• [Work request]: Select, from the data, each line where "Autodesk" occurs.

• [Data]:
────────────────────

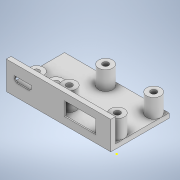
# Autodesk Inventor part: USB
Saved by Autodesk Inventor 2022 (Build 260153000, 153)
## iProperties
Created: 2021-07-07
Part Number: USB
Material: Generic
Document SubType Name: Modeling
Designer: anton
Density: 1 g/cm^3
Appearance: Default
Author: anton
Autodesk Inventor part; units mm, degrees
ref_plane "YZ Plane" through (0, 0, 0) normal (1, 0, 0) x (0, 1, 0)
ref_plane "XZ Plane" through (0, 0, 0) normal (0, 1, 0) x (-1, 0, 0)
ref_plane "XY Plane" through (0, 0, 0) normal (0, 0, 1) x (1, 0, 0)
sketch "Sketch1" plane through (0, 0, 0) normal (0, 1, 0) x (-1, 0, 0)
  line L0 (0, 0) -> (30, 0)
  line L1 (30, 0) -> (30, -25)
  line L2 (30, -25) -> (0, -25)
  line L3 (0, -25) -> (0, 0)
  dimension "d0" = 30
  dimension "d1" = 25
  constraints: 8 end point, 2 parallel, 1 horizontal, 1 perpendicular
  measures "d0" distance between parallel lines of L3 L1
  measures "d1" distance between parallel lines of L2 L0
extrude "Extrusion1" add sketch "Sketch1" along normal blind 2
sketch "Sketch2" plane through (0, 2, 0) normal (0, 1, 0) x (1, 0, 0)
  circle A0 centre (-5, 6) radius 3
  circle A1 centre (-5, 21.5) radius 3
  circle A2 centre (-25.5, 6) radius 3
  circle A3 centre (-25.5, 21.5) radius 3
  line L0 (0, 0) -> (0, 25) projected
  line L1 (0, 25) -> (-30, 25) projected
  dimension "d4" = 15.5
  dimension "d5" = 15.5
  dimension "d6" = 20.5
  dimension "d7" = 20.5
  dimension "d8" = 0
  dimension "d9" = 0
  dimension "d10" = 6
  dimension "d11" = 6
  dimension "d12" = 6
  dimension "d13" = 6
  dimension "d14" = 5
  dimension "d15" = 3.5
  constraints: 4 centre point
  measures "d4" distance of A3.centre A2.centre
  measures "d5" distance of A1.centre A0.centre
  measures "d6" distance of A0.centre A2.centre
  measures "d7" distance of A1.centre A3.centre
  measures "d8" horizontal distance of A0.centre A1.centre
  measures "d9" vertical distance of A1.centre A3.centre
  measures "d10" diameter of A2
  measures "d11" diameter of A3
  measures "d12" diameter of A1
  measures "d13" diameter of A0
  measures "d14" distance from line of L0 A1.centre
  measures "d15" distance from line of L1 A3.centre
extrude "Extrusion2" add sketch "Sketch2" along normal blind 8
sketch "Sketch3" plane through (-25.5, 10, -6) normal (0, 1, 0) x (1, 0, 0)
  circle A0 centre (20.5, 0) radius 3 projected
  circle A1 centre (20.5, 0) radius 1.25
  circle A2 centre (20.5, 15.5) radius 3 projected
  circle A3 centre (20.5, 15.5) radius 1.25
  circle A4 centre (0, 15.5) radius 3 projected
  circle A5 centre (0, 15.5) radius 1.25
  circle A6 centre (0, 0) radius 3 projected
  circle A7 centre (0, 0) radius 1.25
  point P0 (25.5, -6)
  dimension "d18" = 2.5
  dimension "d19" = 2.5
  dimension "d20" = 2.5
  dimension "d21" = 2.5
  constraints: 4 centre point, 4 coincident
  measures "d18" diameter of A7
  measures "d19" diameter of A5
  measures "d20" diameter of A3
  measures "d21" diameter of A1
extrude "Extrusion3" cut sketch "Sketch3" against normal blind 4 contours A1 | A3 | A5 | A7
sketch "Sketch4" plane through (0, 2, 0) normal (0, 1, 0) x (1, 0, 0)
  line L0 (-30, 25) -> (-30, 0) projected
  line L1 (0, 0) -> (0, 25) projected
  line L2 (-30, 0.2) -> (0, 0.2)
  line L3 (0, 0.2) -> (0, 2.2)
  line L4 (0, 2.2) -> (-30, 2.2)
  line L5 (-30, 2.2) -> (-30, 0.2)
  circle A0 centre (-25.5, 6) radius 1.25 projected
  point P0 (0, 0.2)
  dimension "d28" = 5.8
  dimension "d29" = 2
  constraints: 8 end point, 2 parallel, 2 point on line, 1 horizontal, 1 perpendicular
  measures "d28" distance from line of L2 A0.centre
  measures "d29" distance between parallel lines of L2 L4
extrude "Extrusion4" add sketch "Sketch4" along normal blind 10 contours L4 L1 L2 L0
sketch "Sketch5" plane through (-30, 2, -0.2) normal (0, 0, 1) x (1, 0, 0)
  line L0 (21.7, 7) -> (8.3, 7)
  line L1 (8.3, 7) -> (8.3, 1.2)
  line L2 (8.3, 1.2) -> (21.7, 1.2)
  line L3 (21.7, 1.2) -> (21.7, 7)
  line L4 (28, 8) -> (22, 8) projected
  line L5 (0, 0) -> (0, 10) projected
  point P0 (30, -2)
  point P1 (25, 8)
  dimension "d32" = 13.4
  dimension "d33" = 5.8
  dimension "d36" = 1
  dimension "d37" = 8.3
  constraints: 8 end point, 2 parallel, 1 horizontal, 1 perpendicular
  measures "d32" distance between parallel lines of L3 L1
  measures "d33" distance between parallel lines of L2 L0
  measures "d36" distance between parallel lines of L4 L0
  measures "d37" distance between parallel lines of L5 L1
extrude "Extrusion5" cut sketch "Sketch5" against normal blind 10
sketch "Sketch6" plane through (0, 2, 0) normal (0, 1, 0) x (1, 0, 0)
  line L0 (0, 25) -> (-30, 25) projected
  line L1 (-30, 0.2) -> (0, 0.2) projected
  line L2 (-29.3171, 25) -> (-1.9814, 25)
  line L3 (-1.9814, 25) -> (-1.9814, 0.2)
  line L4 (-1.9814, 0.2) -> (-29.3171, 0.2)
  line L5 (-29.3171, 0.2) -> (-29.3171, 25)
  line L6 (-32.5014, 28.1843) -> (1.2029, 28.1843)
  line L7 (1.2029, 28.1843) -> (1.2029, -2.9843)
  line L8 (1.2029, -2.9843) -> (-32.5014, -2.9843)
  line L9 (-32.5014, -2.9843) -> (-32.5014, 28.1843)
  point P0 (-29.3171, 0.2)
  constraints: 16 end point, 4 parallel, 2 perpendicular, 2 point on line, 1 horizontal, 3 other
extrude "Extrusion6" cut sketch "Sketch6" along normal mid plane 100
sketch "Sketch7" plane through (-1.9814, 2, -2.2) normal (0, 0, -1) x (-1, 0, 0)
  line L0 (0, 0) -> (27.3358, 0) projected
  line L1 (5.0186, 8.5) -> (21.0186, 8.5)
  line L2 (21.0186, 8.5) -> (21.0186, 0)
  line L3 (21.0186, 0) -> (5.0186, 0)
  line L4 (5.0186, 0) -> (5.0186, 8.5)
  line L5 (6.3186, 1.2) -> (6.3186, 7) projected
  line L6 (6.3186, 7) -> (19.7186, 7) projected
  point P0 (-1.9814, -2)
  point P1 (5.0186, 0)
  dimension "d42" = 16
  dimension "d43" = 1.3
  dimension "d44" = 1.5
  constraints: 8 end point, 2 parallel, 1 horizontal, 1 perpendicular, 1 point on line
  measures "d42" distance between parallel lines of L2 L4
  measures "d43" distance between parallel lines of L5 L4
  measures "d44" distance between parallel lines of L6 L1
extrude "Extrusion7" cut sketch "Sketch7" against normal blind 1.5
sketch "Sketch12" plane through (0, 2, 0) normal (0, 1, 0) x (1, 0, 0)
  line L0 (-29.3171, 0.2) -> (-1.9814, 0.2) projected
  line L1 (-29.3171, 0.2) -> (-46.5, 0.2)
  line L2 (-46.5, 0.2) -> (-46.5, 25)
  line L3 (-46.5, 25) -> (-29.3171, 25)
  line L4 (-29.3171, 25) -> (-29.3171, 0.2)
  circle A0 centre (-25.5, 6) radius 3 projected
  point P0 (0, 0)
  dimension "d49" = 18
  constraints: 8 end point, 2 parallel, 1 horizontal, 1 perpendicular
  measures "d49" distance edge to line of A0 L2
extrude "Extrusion8" add sketch "Sketch12" against normal blind 2 contours L1 L2 L3 L4
sketch "Sketch13" plane through (0, 2, 0) normal (0, 1, 0) x (1, 0, 0)
  line L0 (-29.3171, 2.2) -> (-23, 2.2) projected
  line L1 (-46.5, 25) -> (-46.5, 0.2) projected
  line L2 (-29.3171, 2.2) -> (-46.5, 2.2)
  line L3 (-46.5, 2.2) -> (-46.5, 0.2)
  line L4 (-46.5, 0.2) -> (-29.3171, 0.2)
  line L5 (-29.3171, 0.2) -> (-29.3171, 2.2)
  point P0 (0, 0)
  constraints: 8 end point, 2 parallel, 1 horizontal, 1 perpendicular
extrude "Extrusion9" add sketch "Sketch13" along normal up to surface (10 mm away)
sketch "Sketch14" plane through (0, 2, 0) normal (0, 1, 0) x (1, 0, 0)
  line L0 (-46.5, 0.2) -> (-46.5, 25) projected
  line L1 (-1.9814, 0.2) -> (-46.5, 0.2) projected
  line L2 (-46.5, 25) -> (-32.5, 25)
  line L3 (-32.5, 25) -> (-32.5, 0.2)
  line L4 (-32.5, 0.2) -> (-46.5, 0.2)
  line L5 (-46.5, 0.2) -> (-46.5, 25)
  circle A0 centre (-35.35, 10.2) radius 3
  arc A1 (-46.5, 9.2633) -> (-46.5, 11.1367) centre (-43.65, 10.2) ccw
  point P0 (0, 0)
  point P1 (-32.5, 9.2633)
  point P2 (-32.5, 11.1367)
  dimension "d54" = 14
  dimension "d55" = 10
  dimension "d56" = 10
  dimension "d57" = 8.3
  dimension "d58" = 6
  dimension "d59" = 6
  dimension "d60" = 2.85
  constraints: 8 end point, 3 point on line, 2 centre point, 2 parallel, 2 point on circle, 1 horizontal, 1 perpendicular
  measures "d54" distance between parallel lines of L0 L3
  measures "d55" distance from line of L1 A0.centre
  measures "d56" distance from line of L1 A1.centre
  measures "d57" distance of A1.centre A0.centre
  measures "d58" diameter of A0
  measures "d59" diameter of A1
  measures "d60" distance from line of L3 A0.centre
extrude "Extrusion10" add sketch "Sketch14" along normal blind 1.9 contours L0 A1 | A0 L3 picked at (-36.2658, 10.5122)
sketch "Sketch15" plane through (0, 3.9, 0) normal (0, 1, 0) x (1, 0, 0)
  arc A0 (-32.5, 11.1367) -> (-32.5, 9.2633) centre (-35.35, 10.2) ccw projected
  circle A1 centre (-35.35, 10.2) radius 1.25
  arc A2 (-46.5, 9.2633) -> (-46.5, 11.1367) centre (-43.65, 10.2) ccw projected
  circle A3 centre (-43.65, 10.2) radius 1.25
  point P0 (0, 0)
  dimension "d63" = 2.5
  dimension "d64" = 2.5
  constraints: 2 centre point, 2 coincident
  measures "d63" diameter of A1
  measures "d64" diameter of A3
extrude "Extrusion11" cut sketch "Sketch15" against normal blind 4
sketch "Sketch16" plane through (-1.9814, 2, -2.2) normal (0, 0, -1) x (-1, 0, 0)
  line L0 (33.7186, 5.6) -> (41.1186, 5.6)
  line L1 (41.1186, 5.6) -> (41.1186, 4.3)
  line L2 (40.1186, 3.3) -> (34.7186, 3.3)
  line L3 (33.7186, 4.3) -> (33.7186, 5.6)
  line L4 (36.3686, 0) -> (36.3686, 1.9) projected
  line L5 (36.3686, 1.5842) -> (36.3686, 2.8612)
  line L6 (38.6686, 0) -> (38.6686, 1.9) projected
  line L7 (38.6686, 1.3572) -> (38.6686, 2.8612)
  line L8 (36.3686, 1.9) -> (30.5186, 1.9) projected
  line L9 (34.7186, 3.3) -> (40.1186, 3.3)
  line L10 (34.7186, 3.3) -> (33.7186, 4.3)
  line L11 (40.1186, 3.3) -> (41.1186, 4.3)
  point P0 (-1.9814, -2)
  dimension "d68" = 7.4
  dimension "d69" = 2.3
  dimension "d70" = 2.65
  dimension "d71" = 1.4
  dimension "d75" = 1
  dimension "d76" = 1
  dimension "d77" = 135
  constraints: 18 end point, 2 collinear, 2 horizontal, 2 parallel, 2 perpendicular, 2 point on line
  measures "d68" distance between parallel lines of L1 L3
  measures "d69" distance between parallel lines of L2 L0
  measures "d70" distance between parallel lines of L3 L5
  measures "d71" distance between parallel lines of L8 L2
  measures "d75" horizontal distance of L3.start L2.end
  measures "d76" horizontal distance of L1.end L2.start
  measures "d77" angle of L2 L10
extrude "Extrusion12" cut sketch "Sketch16" against normal blind 4
sketch "Sketch17" plane through (-1.9814, 2, -2.2) normal (0, 0, -1) x (-1, 0, 0)
  line L0 (0, 0) -> (44.5186, 0) projected
  line L1 (29.5186, 3.5) -> (44.5186, 3.5)
  line L2 (44.5186, 3.5) -> (44.5186, 0)
  line L3 (44.5186, 0) -> (29.5186, 0)
  line L4 (29.5186, 0) -> (29.5186, 3.5)
  line L5 (36.3686, 1.9) -> (30.5186, 1.9) projected
  line L6 (36.3686, 1.9) -> (38.6686, 1.9)
  line L7 (38.6686, 0) -> (38.6686, 1.9) projected
  line L8 (37.5186, 1.9) -> (37.5186, 2.6823)
  line L9 (32.7186, 3.5) -> (42.1186, 3.5)
  line L10 (42.1186, 3.5) -> (42.1186, 6.6)
  line L11 (42.1186, 6.6) -> (32.7186, 6.6)
  line L12 (32.7186, 6.6) -> (32.7186, 3.5)
  line L13 (33.7186, 5.6) -> (41.1186, 5.6) projected
  line L14 (33.7186, 4.3) -> (33.7186, 5.6) projected
  line L15 (41.1186, 5.6) -> (41.1186, 4.3) projected
  point P0 (-1.9814, -2)
  point P1 (29.5186, 0)
  dimension "d80" = 1.6
  dimension "d81" = 8
  dimension "d82" = 1
  dimension "d83" = 1
  dimension "d84" = 1
  constraints: 20 end point, 4 parallel, 3 horizontal, 2 perpendicular, 2 point on line, 1 midpoint, 1 vertical
  measures "d80" distance between parallel lines of L5 L1
  measures "d81" distance between parallel lines of L4 L8
  measures "d82" distance between parallel lines of L13 L11
  measures "d83" distance between parallel lines of L14 L12
  measures "d84" distance between parallel lines of L15 L10
extrude "Extrusion13" cut sketch "Sketch17" against normal blind 1.5
sketch "Sketch18" plane through (-1.9814, 2, -0.7) normal (0, 0, -1) x (-1, 0, 0)
  point P0 (-1.9814, -2)
body "Solid1"

────────────────────

• [Problem solution]:
# Autodesk Inventor part: USB
Saved by Autodesk Inventor 2022 (Build 260153000, 153)
Autodesk Inventor part; units mm, degrees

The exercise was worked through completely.